*WHAT YOU NEED TO DO*. Give again, word for word, every line in the entries below from the line with "#1=APPLICATION_CONTEXT('core data for" up to and including the line with "#37=LINE('',#36,#35);", and no other line.

......

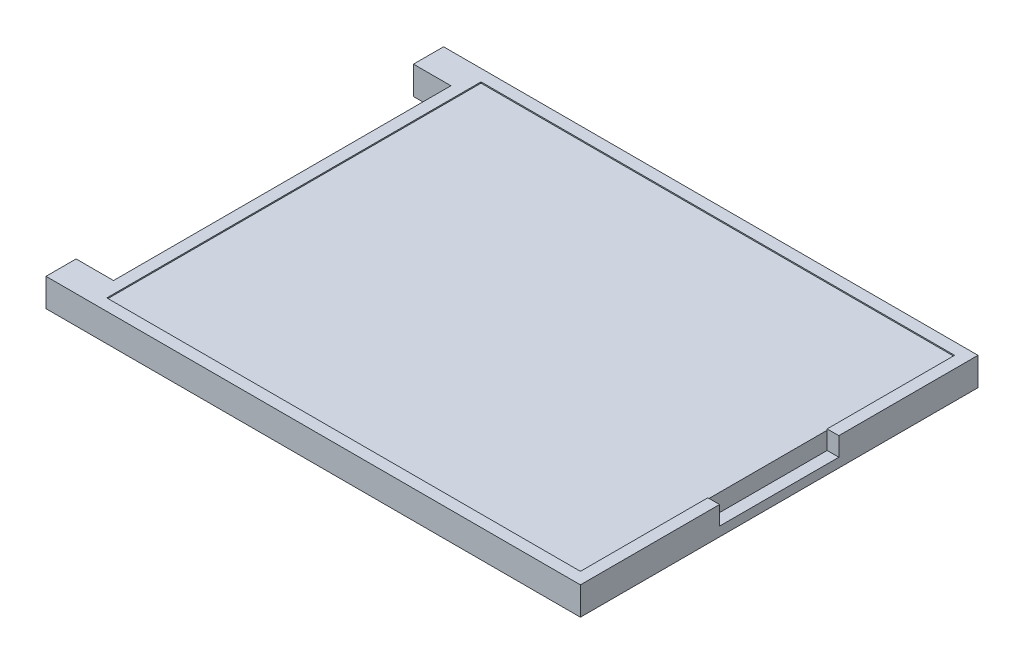
ISO-10303-21;
HEADER;
FILE_DESCRIPTION(('STEP AP214'),'2;1');
FILE_NAME('part.step','',(''),(''),'','','');
FILE_SCHEMA(('AUTOMOTIVE_DESIGN { 1 0 10303 214 1 1 1 1 }'));
ENDSEC;
DATA;
#1=APPLICATION_CONTEXT('core data for automotive mechanical design processes');
#2=APPLICATION_PROTOCOL_DEFINITION('international standard','automotive_design',2000,#1);
#3=PRODUCT_CONTEXT('',#1,'mechanical');
#4=PRODUCT('Part','Part','',(#3));
#5=PRODUCT_RELATED_PRODUCT_CATEGORY('part','',(#4));
#6=PRODUCT_DEFINITION_FORMATION('','',#4);
#7=PRODUCT_DEFINITION_CONTEXT('part definition',#1,'design');
#8=PRODUCT_DEFINITION('design','',#6,#7);
#9=PRODUCT_DEFINITION_SHAPE('','',#8);
#10=(LENGTH_UNIT() NAMED_UNIT(*) SI_UNIT(.MILLI.,.METRE.));
#11=(NAMED_UNIT(*) PLANE_ANGLE_UNIT() SI_UNIT($,.RADIAN.));
#12=(NAMED_UNIT(*) SI_UNIT($,.STERADIAN.) SOLID_ANGLE_UNIT());
#13=UNCERTAINTY_MEASURE_WITH_UNIT(LENGTH_MEASURE(1.E-05),#10,'distance_accuracy_value','');
#14=(GEOMETRIC_REPRESENTATION_CONTEXT(3) GLOBAL_UNCERTAINTY_ASSIGNED_CONTEXT((#13)) GLOBAL_UNIT_ASSIGNED_CONTEXT((#10,
#11,#12)) REPRESENTATION_CONTEXT('',''));
#15=CARTESIAN_POINT('',(0.,0.,0.));
#16=DIRECTION('',(0.,0.,1.));
#17=DIRECTION('',(1.,0.,0.));
#18=AXIS2_PLACEMENT_3D('',#15,#16,#17);
#19=CARTESIAN_POINT('',(0.,4.,0.));
#20=DIRECTION('',(0.,1.,0.));
#21=DIRECTION('',(0.,0.,1.));
#22=AXIS2_PLACEMENT_3D('',#19,#20,#21);
#23=PLANE('',#22);
#24=DIRECTION('',(0.,0.,-1.));
#25=VECTOR('',#24,1.);
#26=CARTESIAN_POINT('',(23.8,4.,-16.));
#27=LINE('',#26,#25);
#28=CARTESIAN_POINT('',(23.8,4.,-5.1));
#29=VERTEX_POINT('',#28);
#30=CARTESIAN_POINT('',(23.8,4.,-16.));
#31=VERTEX_POINT('',#30);
#32=EDGE_CURVE('E170',#29,#31,#27,.T.);
#33=ORIENTED_EDGE('',*,*,#32,.T.);
#34=DIRECTION('',(-1.,0.,0.));
#35=VECTOR('',#34,1.);
#36=CARTESIAN_POINT('',(-16.7,4.,-16.));
#37=LINE('',#36,#35);
#38=CARTESIAN_POINT('',(-16.7,4.,-16.));
#39=VERTEX_POINT('',#38);
#40=EDGE_CURVE('E162',#31,#39,#37,.T.);
#41=ORIENTED_EDGE('',*,*,#40,.T.);
#42=DIRECTION('',(0.,0.,1.));
#43=VECTOR('',#42,1.);
#44=CARTESIAN_POINT('',(-16.7,4.,-16.));
#45=LINE('',#44,#43);
#46=CARTESIAN_POINT('',(-16.7,4.,16.));
#47=VERTEX_POINT('',#46);
#48=EDGE_CURVE('E152',#39,#47,#45,.T.);
#49=ORIENTED_EDGE('',*,*,#48,.T.);
#50=DIRECTION('',(1.,0.,0.));
#51=VECTOR('',#50,1.);
#52=CARTESIAN_POINT('',(-16.7,4.,16.));
#53=LINE('',#52,#51);
#54=CARTESIAN_POINT('',(23.8,4.,16.));
#55=VERTEX_POINT('',#54);
#56=EDGE_CURVE('E134',#47,#55,#53,.T.);
#57=ORIENTED_EDGE('',*,*,#56,.T.);
#58=DIRECTION('',(0.,0.,-1.));
#59=VECTOR('',#58,1.);
#60=CARTESIAN_POINT('',(23.8,4.,-16.));
#61=LINE('',#60,#59);
#62=CARTESIAN_POINT('',(23.8,4.,5.1));
#63=VERTEX_POINT('',#62);
#64=EDGE_CURVE('E141',#55,#63,#61,.T.);
#65=ORIENTED_EDGE('',*,*,#64,.T.);
#66=DIRECTION('',(0.,0.,1.));
#67=VECTOR('',#66,1.);
#68=CARTESIAN_POINT('',(23.8,4.,-5.1));
#69=LINE('',#68,#67);
#70=EDGE_CURVE('E20',#63,#29,#69,.F.);
#71=ORIENTED_EDGE('',*,*,#70,.T.);
#72=EDGE_LOOP('',(#33,#41,#49,#57,#65,#71));
#73=FACE_BOUND('',#72,.T.);
#74=ADVANCED_FACE('F17',(#73),#23,.T.);
#75=CARTESIAN_POINT('',(23.8,2.5,-5.1));
#76=DIRECTION('',(-1.,0.,0.));
#77=DIRECTION('',(0.,0.,1.));
#78=AXIS2_PLACEMENT_3D('',#75,#76,#77);
#79=PLANE('',#78);
#80=DIRECTION('',(0.,1.,0.));
#81=VECTOR('',#80,1.);
#82=CARTESIAN_POINT('',(23.8,2.5,5.1));
#83=LINE('',#82,#81);
#84=CARTESIAN_POINT('',(23.8,2.5,5.1));
#85=VERTEX_POINT('',#84);
#86=EDGE_CURVE('E179',#63,#85,#83,.F.);
#87=ORIENTED_EDGE('',*,*,#86,.T.);
#88=DIRECTION('',(0.,0.,-1.));
#89=VECTOR('',#88,1.);
#90=CARTESIAN_POINT('',(23.8,2.5,0.));
#91=LINE('',#90,#89);
#92=CARTESIAN_POINT('',(23.8,2.5,-5.1));
#93=VERTEX_POINT('',#92);
#94=EDGE_CURVE('E184',#85,#93,#91,.T.);
#95=ORIENTED_EDGE('',*,*,#94,.T.);
#96=DIRECTION('',(0.,1.,0.));
#97=VECTOR('',#96,1.);
#98=CARTESIAN_POINT('',(23.8,2.5,-5.1));
#99=LINE('',#98,#97);
#100=EDGE_CURVE('E172',#93,#29,#99,.T.);
#101=ORIENTED_EDGE('',*,*,#100,.T.);
#102=ORIENTED_EDGE('',*,*,#70,.F.);
#103=EDGE_LOOP('',(#87,#95,#101,#102));
#104=FACE_BOUND('',#103,.T.);
#105=ADVANCED_FACE('F359',(#104),#79,.F.);
#106=CARTESIAN_POINT('',(23.8,4.,-16.));
#107=DIRECTION('',(1.,0.,0.));
#108=DIRECTION('',(0.,0.,-1.));
#109=AXIS2_PLACEMENT_3D('',#106,#107,#108);
#110=PLANE('',#109);
#111=DIRECTION('',(0.,1.,0.));
#112=VECTOR('',#111,1.);
#113=CARTESIAN_POINT('',(23.8,2.5,5.1));
#114=LINE('',#113,#112);
#115=CARTESIAN_POINT('',(23.8,4.1,5.1));
#116=VERTEX_POINT('',#115);
#117=EDGE_CURVE('E146',#116,#63,#114,.F.);
#118=ORIENTED_EDGE('',*,*,#117,.T.);
#119=ORIENTED_EDGE('',*,*,#64,.F.);
#120=DIRECTION('',(0.,1.,0.));
#121=VECTOR('',#120,1.);
#122=CARTESIAN_POINT('',(23.8,4.,16.));
#123=LINE('',#122,#121);
#124=CARTESIAN_POINT('',(23.8,4.1,16.));
#125=VERTEX_POINT('',#124);
#126=EDGE_CURVE('E144',#55,#125,#123,.T.);
#127=ORIENTED_EDGE('',*,*,#126,.T.);
#128=DIRECTION('',(0.,0.,1.));
#129=VECTOR('',#128,1.);
#130=CARTESIAN_POINT('',(23.8,4.1,0.));
#131=LINE('',#130,#129);
#132=EDGE_CURVE('E193',#116,#125,#131,.T.);
#133=ORIENTED_EDGE('',*,*,#132,.F.);
#134=EDGE_LOOP('',(#118,#119,#127,#133));
#135=FACE_BOUND('',#134,.T.);
#136=ADVANCED_FACE('F142',(#135),#110,.F.);
#137=CARTESIAN_POINT('',(-16.7,4.,16.));
#138=DIRECTION('',(0.,0.,1.));
#139=DIRECTION('',(1.,0.,0.));
#140=AXIS2_PLACEMENT_3D('',#137,#138,#139);
#141=PLANE('',#140);
#142=ORIENTED_EDGE('',*,*,#126,.F.);
#143=ORIENTED_EDGE('',*,*,#56,.F.);
#144=DIRECTION('',(0.,1.,0.));
#145=VECTOR('',#144,1.);
#146=CARTESIAN_POINT('',(-16.7,4.,16.));
#147=LINE('',#146,#145);
#148=CARTESIAN_POINT('',(-16.7,4.1,16.));
#149=VERTEX_POINT('',#148);
#150=EDGE_CURVE('E160',#47,#149,#147,.T.);
#151=ORIENTED_EDGE('',*,*,#150,.T.);
#152=DIRECTION('',(1.,0.,0.));
#153=VECTOR('',#152,1.);
#154=CARTESIAN_POINT('',(0.,4.1,16.));
#155=LINE('',#154,#153);
#156=EDGE_CURVE('E151',#125,#149,#155,.F.);
#157=ORIENTED_EDGE('',*,*,#156,.F.);
#158=EDGE_LOOP('',(#142,#143,#151,#157));
#159=FACE_BOUND('',#158,.T.);
#160=ADVANCED_FACE('F150',(#159),#141,.F.);
#161=CARTESIAN_POINT('',(-16.7,4.,-16.));
#162=DIRECTION('',(-1.,0.,0.));
#163=DIRECTION('',(0.,0.,1.));
#164=AXIS2_PLACEMENT_3D('',#161,#162,#163);
#165=PLANE('',#164);
#166=ORIENTED_EDGE('',*,*,#150,.F.);
#167=ORIENTED_EDGE('',*,*,#48,.F.);
#168=DIRECTION('',(0.,1.,0.));
#169=VECTOR('',#168,1.);
#170=CARTESIAN_POINT('',(-16.7,4.,-16.));
#171=LINE('',#170,#169);
#172=CARTESIAN_POINT('',(-16.7,4.1,-16.));
#173=VERTEX_POINT('',#172);
#174=EDGE_CURVE('E164',#39,#173,#171,.T.);
#175=ORIENTED_EDGE('',*,*,#174,.T.);
#176=DIRECTION('',(0.,0.,1.));
#177=VECTOR('',#176,1.);
#178=CARTESIAN_POINT('',(-16.7,4.1,0.));
#179=LINE('',#178,#177);
#180=EDGE_CURVE('E196',#149,#173,#179,.F.);
#181=ORIENTED_EDGE('',*,*,#180,.F.);
#182=EDGE_LOOP('',(#166,#167,#175,#181));
#183=FACE_BOUND('',#182,.T.);
#184=ADVANCED_FACE('F351',(#183),#165,.F.);
#185=CARTESIAN_POINT('',(-16.7,4.,-16.));
#186=DIRECTION('',(0.,0.,-1.));
#187=DIRECTION('',(-1.,0.,0.));
#188=AXIS2_PLACEMENT_3D('',#185,#186,#187);
#189=PLANE('',#188);
#190=ORIENTED_EDGE('',*,*,#174,.F.);
#191=ORIENTED_EDGE('',*,*,#40,.F.);
#192=DIRECTION('',(0.,1.,0.));
#193=VECTOR('',#192,1.);
#194=CARTESIAN_POINT('',(23.8,4.,-16.));
#195=LINE('',#194,#193);
#196=CARTESIAN_POINT('',(23.8,4.1,-16.));
#197=VERTEX_POINT('',#196);
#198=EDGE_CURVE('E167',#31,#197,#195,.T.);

......

*RESULT*.
#1=APPLICATION_CONTEXT('core data for automotive mechanical design processes');
#2=APPLICATION_PROTOCOL_DEFINITION('international standard','automotive_design',2000,#1);
#3=PRODUCT_CONTEXT('',#1,'mechanical');
#4=PRODUCT('Part','Part','',(#3));
#5=PRODUCT_RELATED_PRODUCT_CATEGORY('part','',(#4));
#6=PRODUCT_DEFINITION_FORMATION('','',#4);
#7=PRODUCT_DEFINITION_CONTEXT('part definition',#1,'design');
#8=PRODUCT_DEFINITION('design','',#6,#7);
#9=PRODUCT_DEFINITION_SHAPE('','',#8);
#10=(LENGTH_UNIT() NAMED_UNIT(*) SI_UNIT(.MILLI.,.METRE.));
#11=(NAMED_UNIT(*) PLANE_ANGLE_UNIT() SI_UNIT($,.RADIAN.));
#12=(NAMED_UNIT(*) SI_UNIT($,.STERADIAN.) SOLID_ANGLE_UNIT());
#13=UNCERTAINTY_MEASURE_WITH_UNIT(LENGTH_MEASURE(1.E-05),#10,'distance_accuracy_value','');
#14=(GEOMETRIC_REPRESENTATION_CONTEXT(3) GLOBAL_UNCERTAINTY_ASSIGNED_CONTEXT((#13)) GLOBAL_UNIT_ASSIGNED_CONTEXT((#10,
#11,#12)) REPRESENTATION_CONTEXT('',''));
#15=CARTESIAN_POINT('',(0.,0.,0.));
#16=DIRECTION('',(0.,0.,1.));
#17=DIRECTION('',(1.,0.,0.));
#18=AXIS2_PLACEMENT_3D('',#15,#16,#17);
#19=CARTESIAN_POINT('',(0.,4.,0.));
#20=DIRECTION('',(0.,1.,0.));
#21=DIRECTION('',(0.,0.,1.));
#22=AXIS2_PLACEMENT_3D('',#19,#20,#21);
#23=PLANE('',#22);
#24=DIRECTION('',(0.,0.,-1.));
#25=VECTOR('',#24,1.);
#26=CARTESIAN_POINT('',(23.8,4.,-16.));
#27=LINE('',#26,#25);
#28=CARTESIAN_POINT('',(23.8,4.,-5.1));
#29=VERTEX_POINT('',#28);
#30=CARTESIAN_POINT('',(23.8,4.,-16.));
#31=VERTEX_POINT('',#30);
#32=EDGE_CURVE('E170',#29,#31,#27,.T.);
#33=ORIENTED_EDGE('',*,*,#32,.T.);
#34=DIRECTION('',(-1.,0.,0.));
#35=VECTOR('',#34,1.);
#36=CARTESIAN_POINT('',(-16.7,4.,-16.));
#37=LINE('',#36,#35);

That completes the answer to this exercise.